=== Section Start ===

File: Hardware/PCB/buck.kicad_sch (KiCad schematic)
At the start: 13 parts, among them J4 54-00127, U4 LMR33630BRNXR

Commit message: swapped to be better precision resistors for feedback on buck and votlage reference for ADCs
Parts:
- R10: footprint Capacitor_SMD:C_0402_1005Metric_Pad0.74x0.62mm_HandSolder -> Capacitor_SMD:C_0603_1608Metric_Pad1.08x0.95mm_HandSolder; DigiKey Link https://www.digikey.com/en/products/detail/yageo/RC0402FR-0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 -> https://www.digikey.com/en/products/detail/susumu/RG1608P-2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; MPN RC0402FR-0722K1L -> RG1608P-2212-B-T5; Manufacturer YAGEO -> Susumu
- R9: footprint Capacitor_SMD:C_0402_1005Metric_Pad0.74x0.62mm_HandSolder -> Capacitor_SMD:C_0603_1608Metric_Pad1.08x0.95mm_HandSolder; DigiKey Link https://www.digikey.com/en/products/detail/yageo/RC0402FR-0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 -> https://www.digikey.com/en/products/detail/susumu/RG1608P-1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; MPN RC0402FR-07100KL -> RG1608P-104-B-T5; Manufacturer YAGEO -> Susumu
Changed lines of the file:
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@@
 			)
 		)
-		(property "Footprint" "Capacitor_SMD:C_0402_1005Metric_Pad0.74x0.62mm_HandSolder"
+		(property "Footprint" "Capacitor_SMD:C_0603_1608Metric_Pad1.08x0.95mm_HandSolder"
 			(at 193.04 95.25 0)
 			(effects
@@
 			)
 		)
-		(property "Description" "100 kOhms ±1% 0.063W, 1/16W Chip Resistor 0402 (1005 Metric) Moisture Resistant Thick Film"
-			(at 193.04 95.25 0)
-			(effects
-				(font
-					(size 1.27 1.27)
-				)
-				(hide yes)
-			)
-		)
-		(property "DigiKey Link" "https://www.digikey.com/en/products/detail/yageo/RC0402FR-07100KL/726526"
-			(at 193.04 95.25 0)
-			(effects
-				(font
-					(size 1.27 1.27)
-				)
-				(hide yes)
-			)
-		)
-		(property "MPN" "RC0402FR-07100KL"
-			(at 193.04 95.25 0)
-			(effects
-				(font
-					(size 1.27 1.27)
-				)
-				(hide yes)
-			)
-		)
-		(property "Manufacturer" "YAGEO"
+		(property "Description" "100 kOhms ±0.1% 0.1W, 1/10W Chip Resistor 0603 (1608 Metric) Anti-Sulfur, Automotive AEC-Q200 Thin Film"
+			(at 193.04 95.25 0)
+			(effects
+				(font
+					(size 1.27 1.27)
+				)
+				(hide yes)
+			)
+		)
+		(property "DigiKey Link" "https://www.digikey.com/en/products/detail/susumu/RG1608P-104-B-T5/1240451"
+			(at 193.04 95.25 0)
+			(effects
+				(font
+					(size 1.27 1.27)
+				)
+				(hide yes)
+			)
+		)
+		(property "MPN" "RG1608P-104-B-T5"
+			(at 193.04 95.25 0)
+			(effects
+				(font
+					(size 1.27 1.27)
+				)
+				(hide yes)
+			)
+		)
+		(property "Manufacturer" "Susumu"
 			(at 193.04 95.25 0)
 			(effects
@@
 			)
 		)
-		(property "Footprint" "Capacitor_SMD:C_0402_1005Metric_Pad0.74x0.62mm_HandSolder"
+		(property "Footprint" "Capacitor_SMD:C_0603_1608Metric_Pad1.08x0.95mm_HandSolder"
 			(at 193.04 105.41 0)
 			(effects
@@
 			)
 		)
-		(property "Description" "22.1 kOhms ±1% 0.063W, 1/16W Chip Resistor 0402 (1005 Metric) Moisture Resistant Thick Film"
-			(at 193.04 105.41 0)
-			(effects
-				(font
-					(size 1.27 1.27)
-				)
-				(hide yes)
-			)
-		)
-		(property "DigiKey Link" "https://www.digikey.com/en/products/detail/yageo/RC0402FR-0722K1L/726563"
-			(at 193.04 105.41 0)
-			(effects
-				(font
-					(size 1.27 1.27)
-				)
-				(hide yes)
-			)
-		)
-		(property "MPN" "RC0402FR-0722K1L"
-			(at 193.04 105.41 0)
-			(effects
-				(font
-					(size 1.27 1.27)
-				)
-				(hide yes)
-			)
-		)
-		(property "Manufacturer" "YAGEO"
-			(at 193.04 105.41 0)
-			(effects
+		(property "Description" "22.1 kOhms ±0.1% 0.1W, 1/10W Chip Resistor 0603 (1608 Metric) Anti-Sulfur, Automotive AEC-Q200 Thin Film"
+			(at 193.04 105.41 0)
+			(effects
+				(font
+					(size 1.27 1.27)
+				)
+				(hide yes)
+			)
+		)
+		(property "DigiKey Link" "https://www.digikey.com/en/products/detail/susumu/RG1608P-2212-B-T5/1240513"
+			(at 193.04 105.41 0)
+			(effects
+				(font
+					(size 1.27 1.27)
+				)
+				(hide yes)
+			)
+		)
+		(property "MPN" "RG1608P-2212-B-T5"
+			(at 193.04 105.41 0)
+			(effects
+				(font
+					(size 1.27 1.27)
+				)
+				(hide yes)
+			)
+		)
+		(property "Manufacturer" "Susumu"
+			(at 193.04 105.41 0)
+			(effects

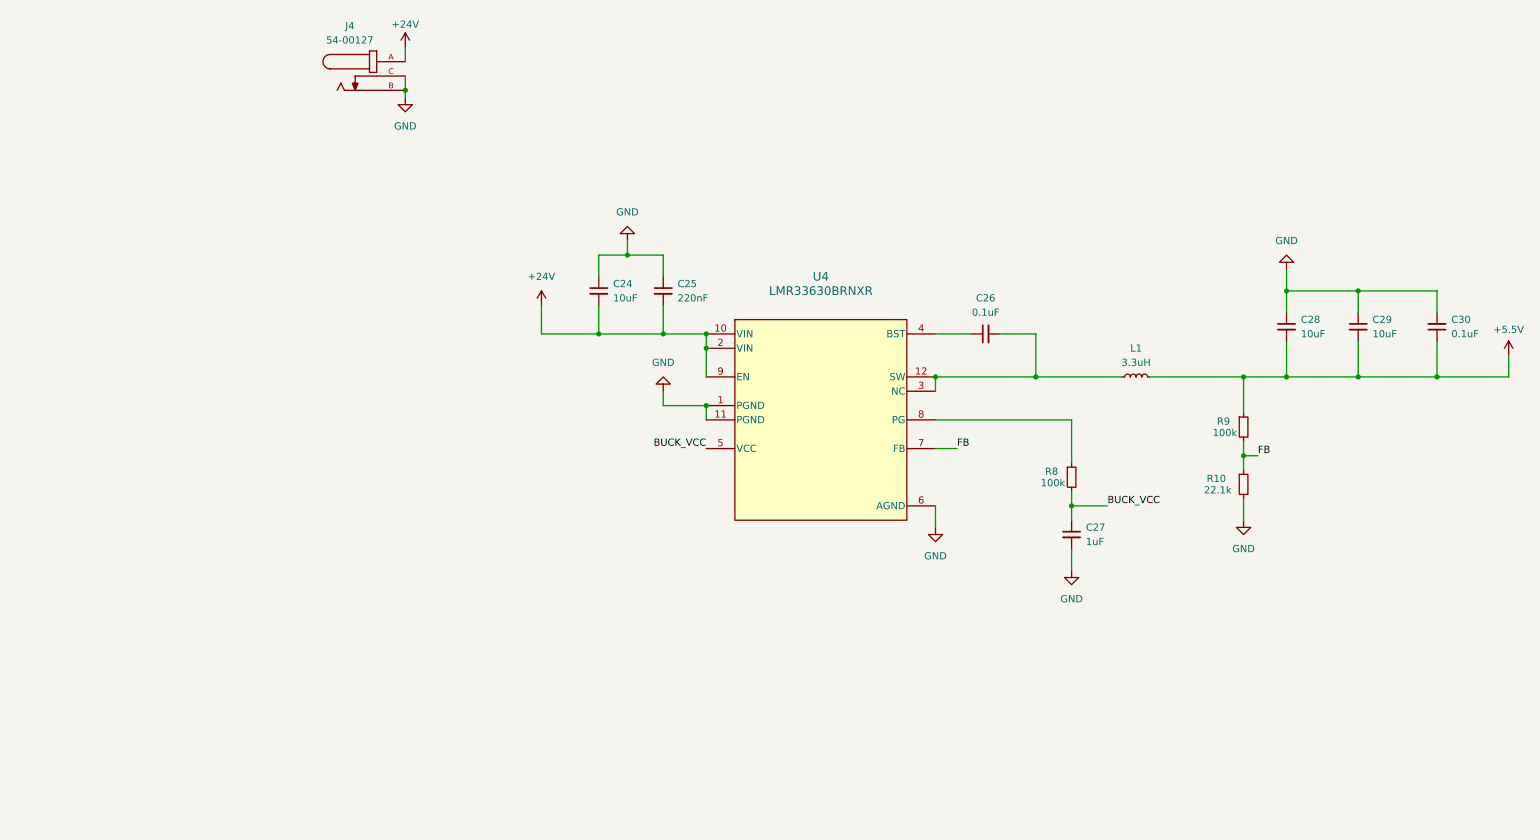
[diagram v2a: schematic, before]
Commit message: overall design is pretty much done, starting layout and routing now
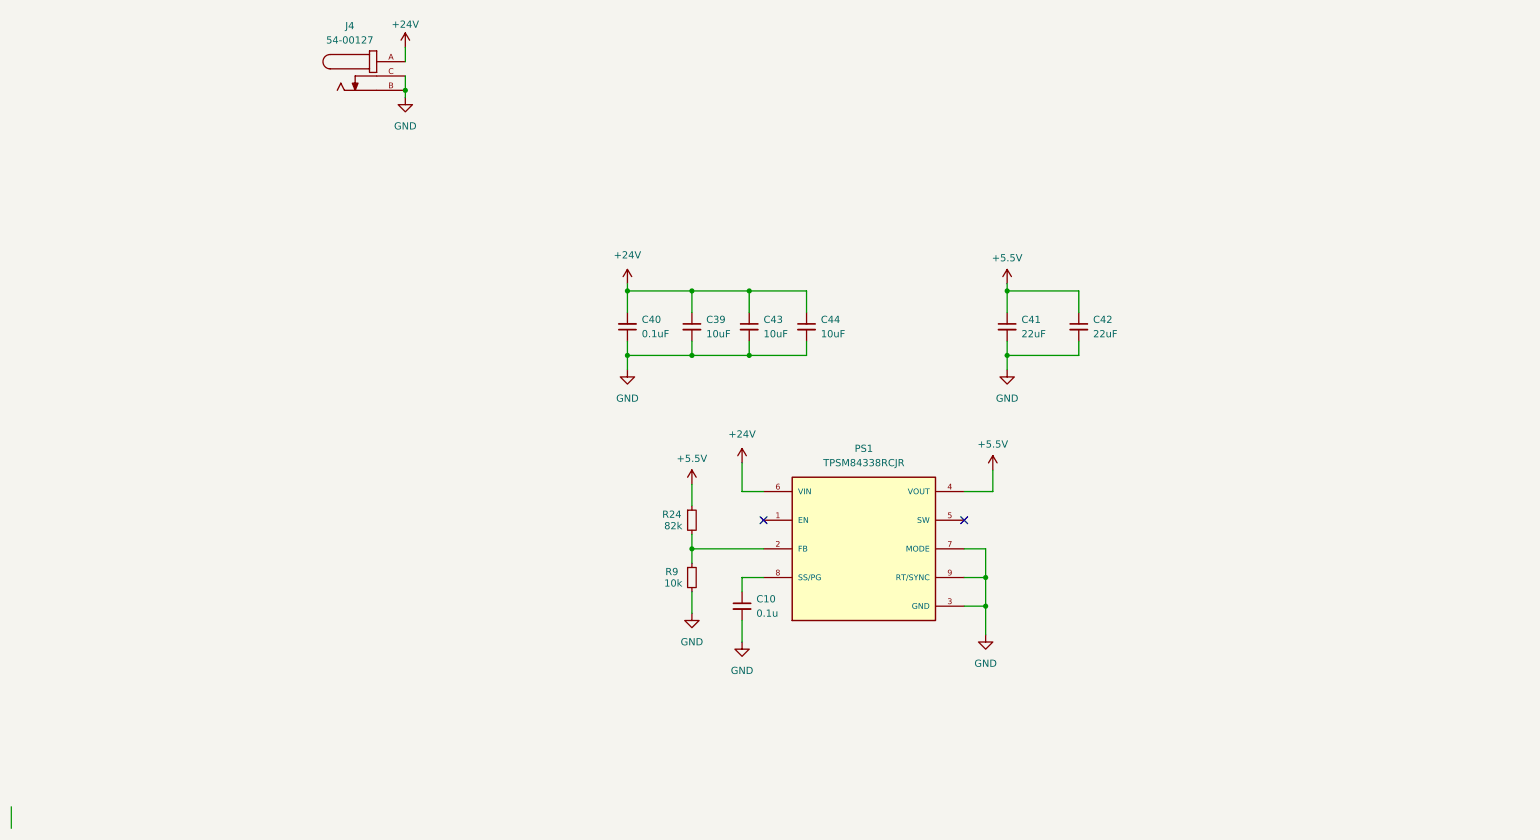
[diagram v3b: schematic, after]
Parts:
- removed C24, C28, C29: 10uF, Capacitor_SMD:C_1206_3216Metric_Pad1.33x1.80mm_HandSolder, symbol Device:C_Small
- removed C25: 220nF, Capacitor_SMD:C_0805_2012Metric_Pad1.18x1.45mm_HandSolder, symbol Device:C_Small
- removed C26, C30: 0.1uF, Capacitor_SMD:C_0805_2012Metric_Pad1.18x1.45mm_HandSolder, symbol Device:C_Small
- removed C27: 1uF, Capacitor_SMD:C_0603_1608Metric_Pad1.08x0.95mm_HandSolder, symbol Device:C_Small
- removed L1: 3.3uH, Inductor_SMD:L_Bourns_SRN8040TA, symbol Device:L_Small
- removed R10: 22.1k, Capacitor_SMD:C_0603_1608Metric_Pad1.08x0.95mm_HandSolder, symbol Device:R_Small
- removed R8: 100k, Capacitor_SMD:C_0402_1005Metric_Pad0.74x0.62mm_HandSolder, symbol Device:R_Small
- removed U4: LMR33630BRNXR, Vendor_Footprints:RNX0012B, symbol Vendor_Symbols:LMR33630BRNXR
- added C10: 0.1u, Capacitor_SMD:C_0603_1608Metric_Pad1.08x0.95mm_HandSolder, symbol Device:C_Small
- added C39, C43, C44: 10uF, Capacitor_SMD:C_1206_3216Metric_Pad1.33x1.80mm_HandSolder, symbol Device:C_Small
- added C40: 0.1uF, Capacitor_SMD:C_0603_1608Metric_Pad1.08x0.95mm_HandSolder, symbol Device:C_Small
- added C41, C42: 22uF, Capacitor_SMD:C_0805_2012Metric_Pad1.18x1.45mm_HandSolder, symbol Device:C_Small
- added PS1: TPSM84338RCJR, Vendor_Footprints:CONV_TPSM84338RCJR, symbol Vendor_Symbols:TPSM84338RCJR
- added R24: 82k, Capacitor_SMD:C_0603_1608Metric_Pad1.08x0.95mm_HandSolder, symbol Device:R_Small
- R9: value 100k -> 10k; DigiKey Link https://www.digikey.com/en/products/detail/susumu/RG1608P-1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 -> https://www.digikey.com/en/products/detail/susumu/RR0816P-1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; MPN RG1608P-104-B-T5 -> RR0816P-103-D
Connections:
- net FB is gone; now on net GND: R9.2
- net +24V: now also C39.1, C40.2, C43.1, C44.1, PS1.6 (VIN)
- net +5.5V: now also C41.1, C42.1, PS1.4 (VOUT), R24.1; no longer R9.1
- net GND: now also C10.2, C39.2, C40.1, C41.2, C42.2, C43.2, C44.2, PS1.3 (GND), PS1.7 (MODE), PS1.9 (RT/SYNC)
- new net: PS1.2 (FB), R24.2, R9.1
- new net: C10.1, PS1.8 (SS/PG)
- no-connect marks 0 -> 2
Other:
- moved on the sheet: R9

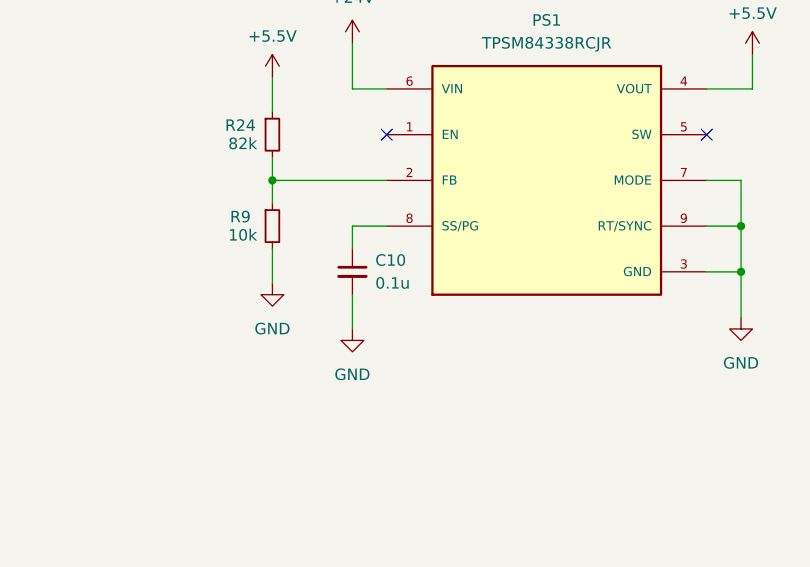
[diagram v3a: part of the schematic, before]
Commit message: fixed BOM, added some silkscreen, getting quote now
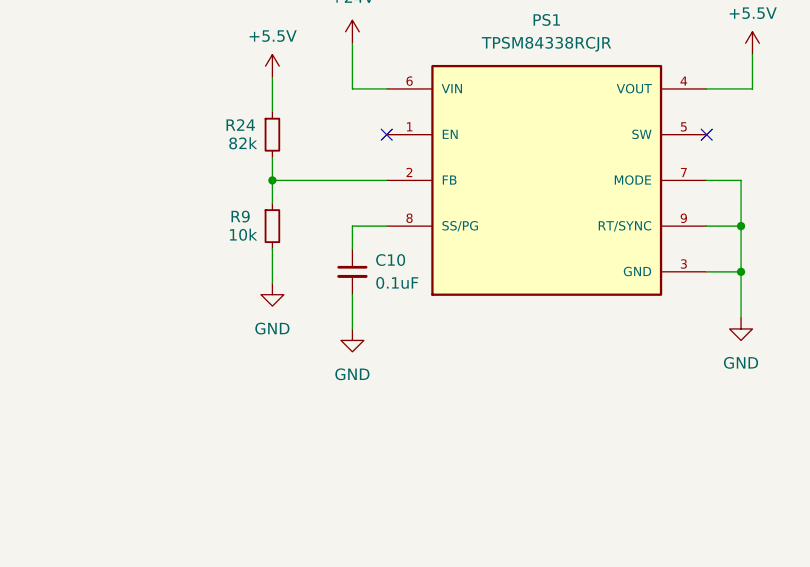
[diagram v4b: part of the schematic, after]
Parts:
- C10: value 0.1u -> 0.1uF
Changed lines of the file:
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@@
 			)
 		)
-		(property "Value" "0.1u"
+		(property "Value" "0.1uF"
 			(at 106.68 128.2762 0)
 			(effects

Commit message: kinda pricey, I should try to make a smaller version using LCSC parts for cheaper solution
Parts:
- C10: LCSC (none) -> C66501
- C39, C43, C44: LCSC (none) -> C13585
- C40: LCSC (none) -> C3011652; Manufacturer GCM188R71H104KA57J -> Murata Electronics
- C41, C42: LCSC (none) -> C398815
- J4: LCSC (none) -> C19856735
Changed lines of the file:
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@@
+			)
+		)
+		(property "LCSC" ""
+			(at 95.25 121.92 0)
+			(effects
+				(font
+					(size 1.27 1.27)
+				)
 			)
 		)
@@
 			)
 		)
+		(property "LCSC" ""
+			(at 125.73 116.84 0)
+			(effects
+				(font
+					(size 1.27 1.27)
+				)
+			)
+		)
 		(pin "4"
 		)
@@
 			)
 		)
+		(property "LCSC" "C13585"
+			(at 115.57 77.47 0)
+			(effects
+				(font
+					(size 1.27 1.27)
+				)
+			)
+		)
 		(pin "2"
 		)
@@
 			)
 		)
+		(property "LCSC" ""
+			(at 95.25 111.76 0)
+			(effects
+				(font
+					(size 1.27 1.27)
+				)
+			)
+		)
 		(pin "1"
 		)
@@
 			)
 		)
+		(property "LCSC" "C19856735"
+			(at 39.37 33.02 0)
+			(effects
+				(font
+					(size 1.27 1.27)
+				)
+			)
+		)
 		(pin "A"
 		)
@@
 			)
 		)
+		(property "LCSC" "C66501"
+			(at 104.14 127 0)
+			(effects
+				(font
+					(size 1.27 1.27)
+				)
+			)
+		)
 		(pin "2"
 		)
@@
 			)
 		)
+		(property "LCSC" "C13585"
+			(at 95.25 77.47 0)
+			(effects
+				(font
+					(size 1.27 1.27)
+				)
+			)
+		)
 		(pin "2"
 		)
@@
 			)
 		)
+		(property "LCSC" "C398815"
+			(at 151.13 77.47 0)
+			(effects
+				(font
+					(size 1.27 1.27)
+				)
+			)
+		)
 		(pin "2"
 		)
@@
 			)
 		)
+		(property "LCSC" "C13585"
+			(at 105.41 77.47 0)
+			(effects
+				(font
+					(size 1.27 1.27)
+				)
+			)
+		)
 		(pin "2"
 		)
@@
 			)
 		)
-		(property "Manufacturer" "GCM188R71H104KA57J"
+		(property "Manufacturer" "Murata Electronics"
 			(at 83.82 77.47 0)
 			(effects
@@
 				)
 				(hide yes)
+			)
+		)
+		(property "LCSC" "C3011652"
+			(at 83.82 77.47 0)
+			(effects
+				(font
+					(size 1.27 1.27)
+				)
 			)
 		)
@@
 			)
 		)
+		(property "LCSC" "C398815"
+			(at 163.83 77.47 0)
+			(effects
+				(font
+					(size 1.27 1.27)
+				)
+			)
+		)

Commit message: done with this, placed order
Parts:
- removed C10: 0.1uF, Capacitor_SMD:C_0603_1608Metric_Pad1.08x0.95mm_HandSolder, symbol Device:C_Small
- removed C41, C42: 22uF, Capacitor_SMD:C_0805_2012Metric_Pad1.18x1.45mm_HandSolder, symbol Device:C_Small
- removed C43, C44: 10uF, Capacitor_SMD:C_1206_3216Metric_Pad1.33x1.80mm_HandSolder, symbol Device:C_Small
- removed J4: 54-00127, Vendor_Footprints:TENSILITY_54-00127, symbol Vendor_Symbols:54-00127
- removed PS1: TPSM84338RCJR, Vendor_Footprints:CONV_TPSM84338RCJR, symbol Vendor_Symbols:TPSM84338RCJR
- removed R24: 82k, Capacitor_SMD:C_0603_1608Metric_Pad1.08x0.95mm_HandSolder, symbol Device:R_Small
- removed R9: 10k, Capacitor_SMD:C_0603_1608Metric_Pad1.08x0.95mm_HandSolder, symbol Device:R_Small
- added C18: 100nF, Capacitor_SMD:C_0603_1608Metric_Pad1.08x0.95mm_HandSolder, symbol Device:C_Small
- added C48, C49: 47uF, Capacitor_SMD:C_1210_3225Metric, symbol Device:C_Small
- added D8: SS310, Diode_SMD:D_SMA, symbol Device:D_Schottky
- added J6: XUNPU DC-005-A250, Connector_BarrelJack:BarrelJack_Horizontal, symbol Connector:Barrel_Jack_MountingPin
- added L1: 6.8uH, Inductor_SMD:L_Changjiang_FXL0630, symbol Device:L_Small
- added R10: 66.5k, Capacitor_SMD:C_0603_1608Metric_Pad1.08x0.95mm_HandSolder, symbol Device:R_Small
- added R27: 10.5k, Capacitor_SMD:C_0603_1608Metric_Pad1.08x0.95mm_HandSolder, symbol Device:R_Small
- added R28: 45.3k, Capacitor_SMD:C_0603_1608Metric_Pad1.08x0.95mm_HandSolder, symbol Device:R_Small
- added U9: LMR16030PDDAR, Vendor_Footprints:VREG_LM5017MR_NOPB, symbol Vendor_Symbols:LMR16030PDDAR
- C40: value 0.1uF -> 100nF; LCSC C3011652 -> C14663; MPN GCM188R71H104KA57J -> CC0603KRX7R9BB104; Manufacturer Murata Electronics -> YAGEO
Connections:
- net +24V: now also J6.1, U9.2 (VIN), U9.3 (EN)
- net +5.5V: now also C48.1, C49.1, L1.2, R10.1
- net GND: now also C48.2, C49.2, D8.2 (A), J6.2, J6.MP (MountPin), R27.2, R28.2, U9.7 (GND), U9.9 (THERMALPAD)
- new net: R28.1, U9.4 (RT/SYNC)
- new net: C18.2, D8.1 (K), L1.1, U9.8 (SW)
- new net: C18.1, U9.1 (BOOT)
- new net FB: R10.2, R27.1, U9.5 (FB)
- no-connect marks 2 -> 1
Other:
- moved on the sheet: C39, C40

=== Section End ===

List all lines from the entries that include the word "Moisture".

-		(property "Description" "100 kOhms ±1% 0.063W, 1/16W Chip Resistor 0402 (1005 Metric) Moisture Resistant Thick Film"
-		(property "Description" "22.1 kOhms ±1% 0.063W, 1/16W Chip Resistor 0402 (1005 Metric) Moisture Resistant Thick Film"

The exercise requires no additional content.